Jens Wenzel, Christian Held, Ralf Palmisano, Stefan Teufel, Jean-Pierre David, Thomas Wittenberg, Roland Lang

Abstract

Sensing of infectious danger by toll-like receptors (TLRs) on macrophages causes not only a reprogramming of the transcriptome but also changes in the cytoskeleton important for cell spreading and motility. Since manual determination of cell contact areas from fluorescence micrographs is very time-consuming and prone to bias, we have developed and tested algorithms for automated measurement of macrophage spreading. The two-step method combines identification of cells by nuclear staining with DAPI and cell surface staining of the integrin CD11b. Automated image analysis correlated very well with manual annotation in resting macrophages and early after stimulation, whereas at later time points the automated cell segmentation algorithm and manual annotation showed slightly larger variation. The method was applied to investigate the impact of genetic or pharmacological inhibition of known TLR signaling components. Deficiency in the adapter protein Myd88 strongly reduced spreading activity at the late time points, but had no impact early after LPS-stimulation.
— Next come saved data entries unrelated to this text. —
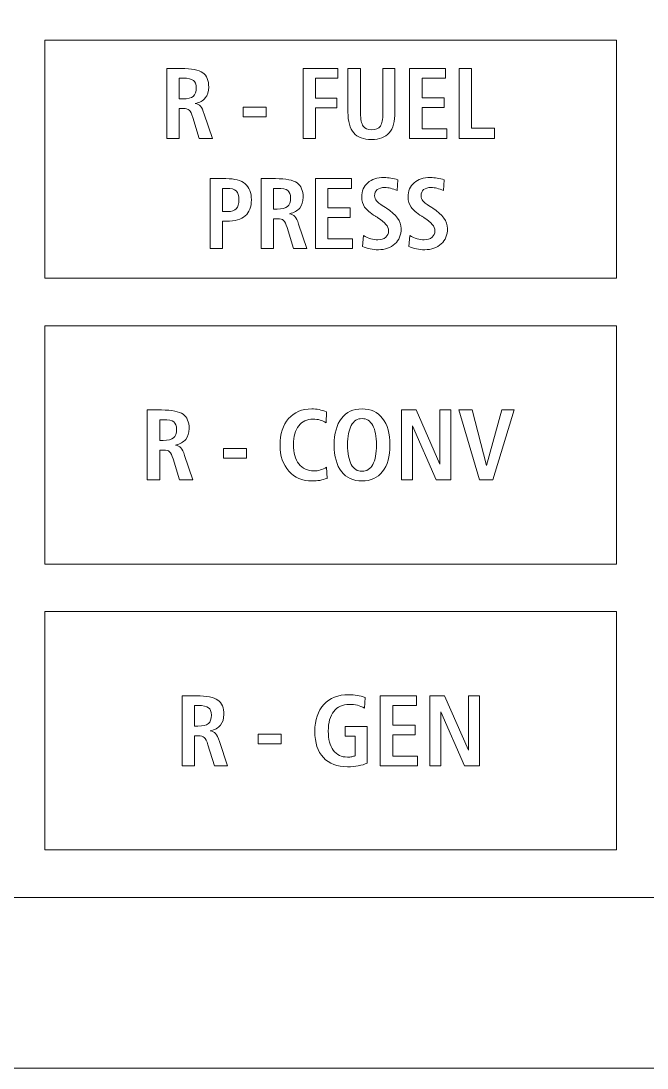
# Model space of a CAD drawing. Header units: millimetres. Extents: x -170 to 781, y -239 to -77.
# Drawn here: x 553.67 to 579.95, y -239.32 to -195.35 of the extents above; entities that cross this region are included whole.
import ezdxf

# ---------------------------------------------------------------- set-up
doc = ezdxf.new("R2010")
doc.units = ezdxf.units.MM
doc.header["$MEASUREMENT"] = 0
for name, color, linetype in [('Cut', 7, 'Continuous'), ('Engrave', 7, 'Continuous'), ('Mask', 7, 'Continuous')]:
    doc.layers.add(name, color=color, linetype=linetype)

msp = doc.modelspace()

# ---------------------------------------------------------------- linework, layer by layer
at = {"layer": 'Cut', "color": 250, "lineweight": 9}
msp.add_open_spline([(625.8935, -133.0419), (625.8935, -133.0419), (625.8935, -185.2646), (625.8935, -185.2646), (625.8935, -185.2646), (625.8935, -185.2654), (625.8935, -185.2661), (625.8935, -185.2669), (625.8935, -185.2669), (625.8935, -185.2669), (625.8935, -189.7544), (625.8935, -189.7544), (625.8935, -189.7544), (625.8935, -189.7544), (625.8935, -204.7521), (625.8935, -204.7521), (625.8935, -204.7521), (625.8935, -204.7529), (625.8935, -204.7536), (625.8935, -204.7544), (625.8935, -204.7544), (625.8935, -204.7544), (625.8935, -211.5419), (625.8935, -211.5419), (625.8935, -211.5419), (625.8935, -211.5419), (625.8935, -218.3294), (625.8935, -218.3294), (625.8935, -218.3294), (625.8933, -218.7274), (625.7349, -219.1091), (625.4532, -219.3904), (625.4532, -219.3904), (625.1716, -219.6717), (624.7916, -219.8296), (624.3935, -219.8294), (624.3935, -219.8294), (624.3935, -219.8294), (621.931, -219.8294), (621.931, -219.8294), (621.931, -219.8294), (619.7874, -219.8294), (617.8067, -220.973), (616.7349, -222.8294), (616.7349, -222.8294), (615.6631, -224.6858), (615.6631, -226.973), (616.7349, -228.8294), (616.7349, -228.8294), (617.8067, -230.6858), (619.7874, -231.8294), (621.931, -231.8294), (621.931, -231.8294), (621.931, -231.8294), (624.3935, -231.8294), (624.3935, -231.8294), (624.3935, -231.8294), (624.7916, -231.8296), (625.1733, -231.988), (625.4546, -232.2697), (625.4546, -232.2697), (625.7359, -232.5513), (625.8938, -232.9313), (625.8935, -233.3294), (625.8935, -233.3294), (625.8935, -233.3294), (625.8935, -237.8169), (625.8935, -237.8169), (625.8935, -237.8169), (625.8933, -238.2149), (625.7349, -238.5966), (625.4532, -238.8779), (625.4532, -238.8779), (625.1716, -239.1592), (624.7916, -239.3171), (624.3935, -239.3169), (624.3935, -239.3169), (624.3935, -239.3169), (482.9435, -239.3169), (482.9435, -239.3169), (482.9435, -239.3169), (482.5455, -239.3166), (482.1638, -239.1582), (481.8825, -238.8766), (481.8825, -238.8766), (481.6012, -238.5949), (481.4433, -238.2149), (481.4435, -237.8169), (481.4435, -237.8169), (481.4435, -237.8169), (481.4435, -233.3294), (481.4435, -233.3294), (481.4435, -233.3294), (481.4438, -232.9313), (481.6022, -232.5496), (481.8838, -232.2683), (481.8838, -232.2683), (482.1655, -231.987), (482.5455, -231.8291), (482.9435, -231.8294), (482.9435, -231.8294), (482.9435, -231.8294), (485.406, -231.8294), (485.406, -231.8294), (485.406, -231.8294), (487.5496, -231.8294), (489.5304, -230.6858), (490.6022, -228.8294), (490.6022, -228.8294), (491.674, -226.973), (491.674, -224.6858), (490.6022, -222.8294), (490.6022, -222.8294), (489.5304, -220.973), (487.5496, -219.8294), (485.406, -219.8294), (485.406, -219.8294), (485.406, -219.8294), (482.9435, -219.8294), (482.9435, -219.8294), (482.9435, -219.8294), (482.5455, -219.8291), (482.1638, -219.6707), (481.8825, -219.3891), (481.8825, -219.3891), (481.6012, -219.1074), (481.4433, -218.7274), (481.4435, -218.3294), (481.4435, -218.3294), (481.4435, -218.3294), (481.4435, -211.5419), (481.4435, -211.5419), (481.4435, -211.5419), (481.4435, -211.5419), (481.4435, -204.7544), (481.4435, -204.7544), (481.4435, -204.7544), (481.4435, -204.7544), (481.4435, -189.7559), (481.4435, -189.7559), (481.4435, -189.7559), (481.4435, -189.7554), (481.4435, -189.7549), (481.4435, -189.7544), (481.4435, -189.7544), (481.4435, -189.7544), (481.4435, -185.2669), (481.4435, -185.2669), (481.4435, -185.2669), (481.4435, -185.2669), (481.4435, -133.0434), (481.4435, -133.0434), (481.4435, -133.0434), (481.4435, -133.0429), (481.4435, -133.0424), (481.4435, -133.0419), (481.4435, -133.0419), (481.4435, -133.0419), (481.4435, -128.5544), (481.4435, -128.5544), (481.4435, -128.5544), (481.4435, -128.5544), (481.4435, -113.5559), (481.4435, -113.5559), (481.4435, -113.5559), (481.4435, -113.5554), (481.4435, -113.5549), (481.4435, -113.5544), (481.4435, -113.5544), (481.4435, -113.5544), (481.4435, -106.7669), (481.4435, -106.7669), (481.4435, -106.7669), (481.4435, -106.7669), (481.4435, -99.9794), (481.4435, -99.9794), (481.4435, -99.9794), (481.4438, -99.5813), (481.6022, -99.1996), (481.8838, -98.9183), (481.8838, -98.9183), (482.1655, -98.637), (482.5455, -98.4791), (482.9435, -98.4794), (482.9435, -98.4794), (482.9435, -98.4794), (485.406, -98.4794), (485.406, -98.4794), (485.406, -98.4794), (487.5496, -98.4794), (489.5304, -97.3358), (490.6022, -95.4794), (490.6022, -95.4794), (491.674, -93.623), (491.674, -91.3358), (490.6022, -89.4794), (490.6022, -89.4794), (489.5304, -87.623), (487.5496, -86.4794), (485.406, -86.4794), (485.406, -86.4794), (485.406, -86.4794), (482.9435, -86.4794), (482.9435, -86.4794), (482.9435, -86.4794), (482.5455, -86.4791), (482.1638, -86.3207), (481.8825, -86.0391), (481.8825, -86.0391), (481.6012, -85.7574), (481.4433, -85.3774), (481.4435, -84.9794), (481.4435, -84.9794), (481.4435, -84.9794), (481.4435, -80.4919), (481.4435, -80.4919), (481.4435, -80.4919), (481.4438, -80.0938), (481.6022, -79.7121), (481.8838, -79.4308), (481.8838, -79.4308), (482.1655, -79.1495), (482.5455, -78.9916), (482.9435, -78.9919), (482.9435, -78.9919), (482.9435, -78.9919), (624.3935, -78.9919), (624.3935, -78.9919), (624.3935, -78.9919), (624.7916, -78.9921), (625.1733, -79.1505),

A similar effect was observed upon pharmacological inhibition of MEK1, the kinase activating the mitogen-activated protein kinases (MAPK) ERK1/2, indicating that ERK1/2 mediates Myd88-dependent macrophages spreading. In contrast, macrophages lacking the MAPK p38 were impaired in the initial spreading response but responded normally 8-24 h after stimulation. The dichotomy of p38 and ERK1/2 MAPK effects on early and late macrophage spreading raises the question which of the respective substrate proteins mediate(s) cytoskeletal remodeling and spreading. The automated measurement of cell spreading described here increases the objectivity and greatly reduces the time required for such investigations and is therefore expected to facilitate larger throughput analysis of macrophage spreading, e.g., in siRNA knockdown screens.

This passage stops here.